Finalmente, são mais de cinco anos sem que este governo se tenha
interessado em facilitar a libertação desta gente. A assinatura
do acordo humanitário requer a evacuação
(despeje)
dos municípios de Pradera e Florida, garantia negada pelo presidente
Uribe e sem a qual as FARC não aceitam entrevistas com
funcionários do governo actual em nenhum lugar.
A.G e I.S:
Que mudança produziria nas FARC, e no contexto colombiano em geral, se
se cumprisse a proposta de Chávez de conceder o status de actor
beligente num conflito armado nacional e de repercussão internacional.
R.R:
O reconhecimento de beligerância proposto pelo Presidente Hugo
Chávez exprime o conhecimento cabal do conflito interno colombiano.
Cuja solução definitória requer saídas
políticas e reconhecer a existência de dois exército
enfrentados por interesses políticos, sociais e económicos muito
diferentes. O exército oficial, apoiado no paramilitarismo de Estado, e
do outro lado o exército formado pelas guerrilhas revolucionárias
das FARC e do ELN. A troca, ou intercâmbio de prisioneiros, será
feita entre o governo e as FARC. Um dos entraves interpostos pelo governo
colombiano para firmar acordos com a insurgência revolucionária
é negar a sua existência histórica na vida política
da Colômbia. Obstina-se em fechar os olhos perante uma realidade que o
presidente Chávez, sim, observa com critério bolivariano e com o
seu empenho generoso de trazer a paz aos colombianos. Em lugar algum do mundo
é possível conseguir a reconciliação e a paz entre
os contendores sem reconhecer a existência do adversário
político.
A.G e I.S:
Que opinião tem quanto ao movimento havido, a nível nacional e
com internacionais, no passado 4 de Fevereiro de recusa às FARC. Que
comparação se pode fazer a resposta a esse movimento anunciada
para 6 de Março (Movimento Vítimas de Crimes de Estado)?
R.R.:
A marcha de 4 de Fevereiro último foi organizada, promovida e financiada
pelo governo de Álvaro Uribe.

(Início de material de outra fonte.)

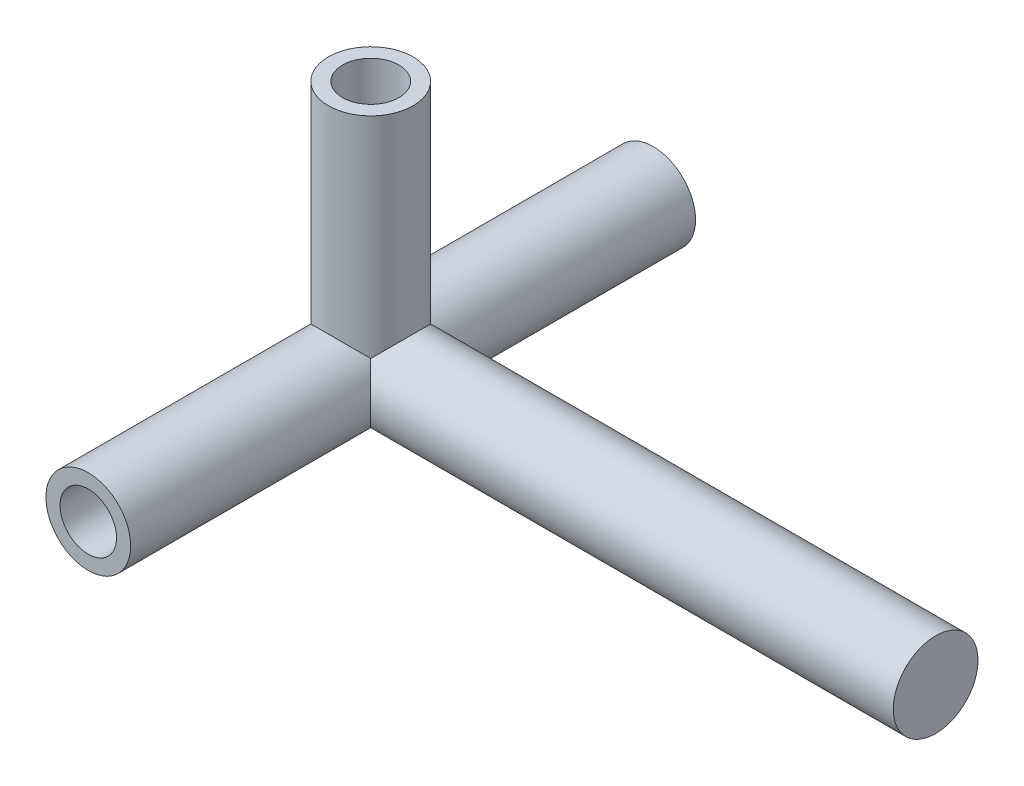
ISO-10303-21;
HEADER;
FILE_DESCRIPTION(('STEP AP214'),'2;1');
FILE_NAME('part.step','',(''),(''),'','','');
FILE_SCHEMA(('AUTOMOTIVE_DESIGN { 1 0 10303 214 1 1 1 1 }'));
ENDSEC;
DATA;
#1=APPLICATION_CONTEXT('core data for automotive mechanical design processes');
#2=APPLICATION_PROTOCOL_DEFINITION('international standard','automotive_design',2000,#1);
#3=PRODUCT_CONTEXT('',#1,'mechanical');
#4=PRODUCT('Part','Part','',(#3));
#5=PRODUCT_RELATED_PRODUCT_CATEGORY('part','',(#4));
#6=PRODUCT_DEFINITION_FORMATION('','',#4);
#7=PRODUCT_DEFINITION_CONTEXT('part definition',#1,'design');
#8=PRODUCT_DEFINITION('design','',#6,#7);
#9=PRODUCT_DEFINITION_SHAPE('','',#8);
#10=(LENGTH_UNIT() NAMED_UNIT(*) SI_UNIT(.MILLI.,.METRE.));
#11=(NAMED_UNIT(*) PLANE_ANGLE_UNIT() SI_UNIT($,.RADIAN.));
#12=(NAMED_UNIT(*) SI_UNIT($,.STERADIAN.) SOLID_ANGLE_UNIT());
#13=UNCERTAINTY_MEASURE_WITH_UNIT(LENGTH_MEASURE(1.E-05),#10,'distance_accuracy_value','');
#14=(GEOMETRIC_REPRESENTATION_CONTEXT(3) GLOBAL_UNCERTAINTY_ASSIGNED_CONTEXT((#13)) GLOBAL_UNIT_ASSIGNED_CONTEXT((#10,
#11,#12)) REPRESENTATION_CONTEXT('',''));
#15=CARTESIAN_POINT('',(0.,0.,0.));
#16=DIRECTION('',(0.,0.,1.));
#17=DIRECTION('',(1.,0.,0.));
#18=AXIS2_PLACEMENT_3D('',#15,#16,#17);
#19=CARTESIAN_POINT('',(0.,0.,0.));
#20=DIRECTION('',(0.,1.,0.));
#21=DIRECTION('',(0.,0.,1.));
#22=AXIS2_PLACEMENT_3D('',#19,#20,#21);
#23=CYLINDRICAL_SURFACE('',#22,3.75);
#24=CARTESIAN_POINT('',(0.,21.25,0.));
#25=DIRECTION('',(0.,1.,0.));
#26=DIRECTION('',(0.,0.,1.));
#27=AXIS2_PLACEMENT_3D('',#24,#25,#26);
#28=CIRCLE('',#27,3.75);
#29=CARTESIAN_POINT('',(0.,21.25,3.75));
#30=VERTEX_POINT('',#29);
#31=EDGE_CURVE('E90',#30,#30,#28,.T.);
#32=ORIENTED_EDGE('',*,*,#31,.F.);
#33=EDGE_LOOP('',(#32));
#34=FACE_BOUND('',#33,.T.);
#35=CARTESIAN_POINT('',(-3.75,0.,0.));
#36=CARTESIAN_POINT('',(-3.75000005696414,0.0492651044086286,0.0492680009212414));
#37=CARTESIAN_POINT('',(-3.74902907021602,0.0985208451068601,0.0985452437469612));
#38=CARTESIAN_POINT('',(-3.74538782347,0.190796713683162,0.190857540662846));
#39=CARTESIAN_POINT('',(-3.74294688985675,0.233821171485445,0.233897411757015));
#40=CARTESIAN_POINT('',(-3.73703721652419,0.31363592807218,0.313712226517568));
#41=CARTESIAN_POINT('',(-3.73376715536458,0.350431579680017,0.35049663495009));
#42=CARTESIAN_POINT('',(-3.726122894944,0.424096102558774,0.424126147192545));
#43=CARTESIAN_POINT('',(-3.72174502541787,0.460964804876989,0.460971040126408));
#44=CARTESIAN_POINT('',(-3.71187158805768,0.534697827970052,0.53469157791912));
#45=CARTESIAN_POINT('',(-3.70637339165174,0.571561930583614,0.571567088152237));
#46=CARTESIAN_POINT('',(-3.6927720337349,0.654266206528988,0.65429244869084));
#47=CARTESIAN_POINT('',(-3.6843607996952,0.70008181091256,0.700116612512116));
#48=CARTESIAN_POINT('',(-3.66632493155899,0.788944819945586,0.788985907362992));
#49=CARTESIAN_POINT('',(-3.65679630527391,0.832001702320655,0.83204110359386));
#50=CARTESIAN_POINT('',(-3.63680003370121,0.91534891192463,0.915373986542191));
#51=CARTESIAN_POINT('',(-3.62642340947263,0.955649792257126,0.955662891712826));
#52=CARTESIAN_POINT('',(-3.61037514585131,1.01392157643316,1.01392427106337));
#53=CARTESIAN_POINT('',(-3.60525818070808,1.03197151459823,1.03197195183686));
#54=CARTESIAN_POINT('',(-3.59212565298201,1.07699841601944,1.07699776123618));
#55=CARTESIAN_POINT('',(-3.5839346113681,1.10394872137761,1.10395149374499));
#56=CARTESIAN_POINT('',(-3.55979630353604,1.18025493343085,1.18026961389394));
#57=CARTESIAN_POINT('',(-3.54309342589352,1.22949156401108,1.22951655472359));
#58=CARTESIAN_POINT('',(-3.50822695142427,1.32561571525919,1.32565179071897));
#59=CARTESIAN_POINT('',(-3.49014836727552,1.37251850158599,1.37255571603895));
#60=CARTESIAN_POINT('',(-3.45275695616083,1.46397543746565,1.46400383029814));
#61=CARTESIAN_POINT('',(-3.43352663393972,1.50854619353767,1.50856508502321));
#62=CARTESIAN_POINT('',(-3.39960351961334,1.5831239210872,1.58312916114714));
#63=CARTESIAN_POINT('',(-3.38541706421284,1.6132467142968,1.6132470638075));
#64=CARTESIAN_POINT('',(-3.36326998582144,1.65867712348425,1.65867694392104));
#65=CARTESIAN_POINT('',(-3.35563623885017,1.67406650082733,1.67406734028622));
#66=CARTESIAN_POINT('',(-3.32195956540745,1.74079575420104,1.7408033237963));
#67=CARTESIAN_POINT('',(-3.29471530587043,1.79183374958423,1.79185242967148));
#68=CARTESIAN_POINT('',(-3.23853225529925,1.89141140091552,1.89144504666456));
#69=CARTESIAN_POINT('',(-3.20968411618505,1.93997656922923,1.94001430680212));
#70=CARTESIAN_POINT('',(-3.15051238614745,2.03460987469887,2.03464348035683));
#71=CARTESIAN_POINT('',(-3.12027748695937,2.0807054637192,2.08073127753851));
#72=CARTESIAN_POINT('',(-3.06022995504693,2.16794776631719,2.16795707451563));
#73=CARTESIAN_POINT('',(-3.03062499816281,2.20916598544501,2.20916672630975));
#74=CARTESIAN_POINT('',(-2.95997583900199,2.30336644149512,2.30336547325049));
#75=CARTESIAN_POINT('',(-2.9182094295892,2.35607665483365,2.35608808609079));
#76=CARTESIAN_POINT('',(-2.83483686692299,2.45558524172337,2.45561552598137));
#77=CARTESIAN_POINT('',(-2.79352020103568,2.50250469738374,2.50254185170817));
#78=CARTESIAN_POINT('',(-2.7092816758919,2.59341596094182,2.59345421054915));
#79=CARTESIAN_POINT('',(-2.66645849820647,2.63745325674227,2.63748614337717));
#80=CARTESIAN_POINT('',(-2.57191692566359,2.72994692057105,2.72996144662059));
#81=CARTESIAN_POINT('',(-2.5197803277977,2.77819117430127,2.77819176477021));
#82=CARTESIAN_POINT('',(-2.42367925347238,2.86206216266095,2.86206170282539));
#83=CARTESIAN_POINT('',(-2.38045866444403,2.89811900818962,2.89812618195946));
#84=CARTESIAN_POINT('',(-2.28353102138711,2.97529055075766,2.97531481676204));
#85=CARTESIAN_POINT('',(-2.22935825481965,3.01611436306911,3.01614816496907));
#86=CARTESIAN_POINT('',(-2.11948120849709,3.0942614003495,3.09430187866953));
#87=CARTESIAN_POINT('',(-2.06387548451463,3.13165371523667,3.13169170679968));
#88=CARTESIAN_POINT('',(-1.95136403680679,3.20293988618703,3.20296345022423));
#89=CARTESIAN_POINT('',(-1.8945503166884,3.23690582266653,3.23691773787602));
#90=CARTESIAN_POINT('',(-1.81268962262541,3.2828916196099,3.28289385828354));
#91=CARTESIAN_POINT('',(-1.78881363908494,3.29596587118859,3.29596610130166));
#92=CARTESIAN_POINT('',(-1.72768472973338,3.32856843279295,3.32856807941907));
#93=CARTESIAN_POINT('',(-1.69011700248035,3.34780255909453,3.34780604633606));
#94=CARTESIAN_POINT('',(-1.6199132085283,3.3822440792952,3.3822566948173));
#95=CARTESIAN_POINT('',(-1.58743106133501,3.39760892720343,3.39762650769383));
#96=CARTESIAN_POINT('',(-1.5221485769681,3.42733875318272,3.4273654108839));
#97=CARTESIAN_POINT('',(-1.48935761430029,3.44171400154419,3.44174478157651));
#98=CARTESIAN_POINT('',(-1.42349022483265,3.4694643671896,3.4695009574798));
#99=CARTESIAN_POINT('',(-1.3904224229716,3.4828497010425,3.4828880089039));
#100=CARTESIAN_POINT('',(-1.32403300493196,3.50862040064648,3.50865916733192));
#101=CARTESIAN_POINT('',(-1.29071926060263,3.52101588007005,3.52105342365669));
#102=CARTESIAN_POINT('',(-1.22386979660614,3.54480690597505,3.54483944600766));
#103=CARTESIAN_POINT('',(-1.19034118161118,3.55621241735959,3.55624120688901));
#104=CARTESIAN_POINT('',(-1.12309235782983,3.57802390520098,3.57804400042158));
#105=CARTESIAN_POINT('',(-1.08937849720085,3.58843964296071,3.58845480820637));
#106=CARTESIAN_POINT('',(-1.0334850246144,3.60484026816703,3.60484820269338));
#107=CARTESIAN_POINT('',(-1.01145760136248,3.61108592829215,3.61109124986102));
#108=CARTESIAN_POINT('',(-0.967343988430438,3.62315532717875,3.62315676170817));
#109=CARTESIAN_POINT('',(-0.945259203502762,3.62898163356011,3.6289817850729));
#110=CARTESIAN_POINT('',(-0.898184506810103,3.64093744320086,3.64093727317688));
#111=CARTESIAN_POINT('',(-0.87316931657594,3.64701702103839,3.64701810586868));
#112=CARTESIAN_POINT('',(-0.812267271284445,3.66115097272546,3.66115695529996));
#113=CARTESIAN_POINT('',(-0.77626203932694,3.66895151983626,3.66896193147555));
#114=CARTESIAN_POINT('',(-0.704078853333331,3.68347334310492,3.68349282196041));
#115=CARTESIAN_POINT('',(-0.667903655553754,3.69020147449638,3.69022558991067));
#116=CARTESIAN_POINT('',(-0.595412523714065,3.70257933018867,3.70261096175634));
#117=CARTESIAN_POINT('',(-0.559098699615238,3.70823521862722,3.70826974005508));
#118=CARTESIAN_POINT('',(-0.486363109637129,3.71846924246682,3.71850679096305));
#119=CARTESIAN_POINT('',(-0.449942872302424,3.72305279837389,3.72309049823145));
#120=CARTESIAN_POINT('',(-0.377026923391021,3.7311429328661,3.73117814348733));
#121=CARTESIAN_POINT('',(-0.340532240406409,3.73465413887728,3.73468672112188));
#122=CARTESIAN_POINT('',(-0.267499333397132,3.74060038612862,3.74062582235697));
#123=CARTESIAN_POINT('',(-0.230961728332945,3.74303921898608,3.74306014434292));
#124=CARTESIAN_POINT('',(-0.162003465600692,3.74662681811954,3.74663919924387));
#125=CARTESIAN_POINT('',(-0.129594827208816,3.74789207024376,3.74790042304461));
#126=CARTESIAN_POINT('',(-0.0647909890980053,3.7495779383839,3.74958009760598));
#127=CARTESIAN_POINT('',(-0.0323958659563368,3.75000003570645,3.75000002640965));
#128=CARTESIAN_POINT('',(0.0406738123534642,3.74999995516967,3.74999996684203));
#129=CARTESIAN_POINT('',(0.081348795637232,3.74933448412044,3.74933794044849));
#130=CARTESIAN_POINT('',(0.162711265517748,3.74667750814945,3.74668998750733));
#131=CARTESIAN_POINT('',(0.203398540482632,3.74468277182795,3.74470083474548));
#132=CARTESIAN_POINT('',(0.280590777380848,3.73964006266037,3.73966757272673));
#133=CARTESIAN_POINT('',(0.317111978290834,3.73671554869088,3.73674703774505));
#134=CARTESIAN_POINT('',(0.390098748173244,3.72979833989634,3.7298353805474));
#135=CARTESIAN_POINT('',(0.426563523152773,3.72580145796893,3.72584006163049));
#136=CARTESIAN_POINT('',(0.499405787458702,3.71674034673564,3.71677915921335));
#137=CARTESIAN_POINT('',(0.535782029158643,3.71167111335338,3.71170855767536));
#138=CARTESIAN_POINT('',(0.608415582249412,3.70046617108109,3.70049839222169));
#139=CARTESIAN_POINT('',(0.644671106891318,3.69432468741266,3.69435303973828));
#140=CARTESIAN_POINT('',(0.721499681835427,3.68015170012579,3.68017068385217));
#141=CARTESIAN_POINT('',(0.762020395708414,3.67197823379011,3.67199157097977));
#142=CARTESIAN_POINT('',(0.8428287510373,3.65429003627943,3.65429393567553));
#143=CARTESIAN_POINT('',(0.883111912437943,3.64476506770743,3.64476519109913));
#144=CARTESIAN_POINT('',(0.953009014913058,3.62701370400624,3.6270136115911));
#145=CARTESIAN_POINT('',(0.982762644139481,3.61906159775929,3.61906346181549));
#146=CARTESIAN_POINT('',(1.04216532301298,3.60240132901477,3.60240915869498));
#147=CARTESIAN_POINT('',(1.07181081562493,3.59368681276549,3.59369867055296));
#148=CARTESIAN_POINT('',(1.13515532475933,3.57421785984158,3.57423842839065));
#149=CARTESIAN_POINT('',(1.16878743837682,3.56335446384281,3.56337972168926));
#150=CARTESIAN_POINT('',(1.23586065677047,3.54064736155612,3.54068022350919));
#151=CARTESIAN_POINT('',(1.26929505778568,3.52879377360361,3.52882952922361));
#152=CARTESIAN_POINT('',(1.33594320327172,3.50410644174897,3.50414521715101));
#153=CARTESIAN_POINT('',(1.36914947990493,3.49126263921756,3.49130150709242));
#154=CARTESIAN_POINT('',(1.43531113713444,3.46459503082496,3.46463127301063));
#155=CARTESIAN_POINT('',(1.46825828783778,3.45076103979599,3.45079452891959));
#156=CARTESIAN_POINT('',(1.53387105502418,3.4221132461457,3.42213931452107));
#157=CARTESIAN_POINT('',(1.5665276892691,3.40728917933004,3.40731055599504));
#158=CARTESIAN_POINT('',(1.6315291429579,3.37666097053943,3.37667298733939));
#159=CARTESIAN_POINT('',(1.66386425210719,3.360846522745,3.36085387250667));
#160=CARTESIAN_POINT('',(1.71898104082796,3.33290681018757,3.33290849108013));
#161=CARTESIAN_POINT('',(1.74194611074827,3.32096205052374,3.32096207480398));
#162=CARTESIAN_POINT('',(1.80209121169545,3.28888472609755,3.28888468621469));
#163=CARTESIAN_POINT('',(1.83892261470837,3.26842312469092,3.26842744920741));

Ela contou com a
contribuição dos meios de comunicação, os
paramilitares conclamaram a dela participar. Os funcionários e
empregados oficiais estatais foram forçados a vincular-se à
mesma. As embaixadas e os consulados receberam instruções do
Ministério dos Negócios Estrangeiros para participar na marcha e
solicitar aos seus amigos apoios em cada país. É a marcha do
governo da para-política contra a troca ou intercâmbio de
prisioneiros e contra a busca da paz. Com o propósito de gerar ambiente
nacional e internacional para promover a segunda reeleição de
Álvaro Uribe.
A.G e I.S.:
Foi divulgado que as FARC vão elaborar uma nova
libertação de três ou quatro presos políticos[1].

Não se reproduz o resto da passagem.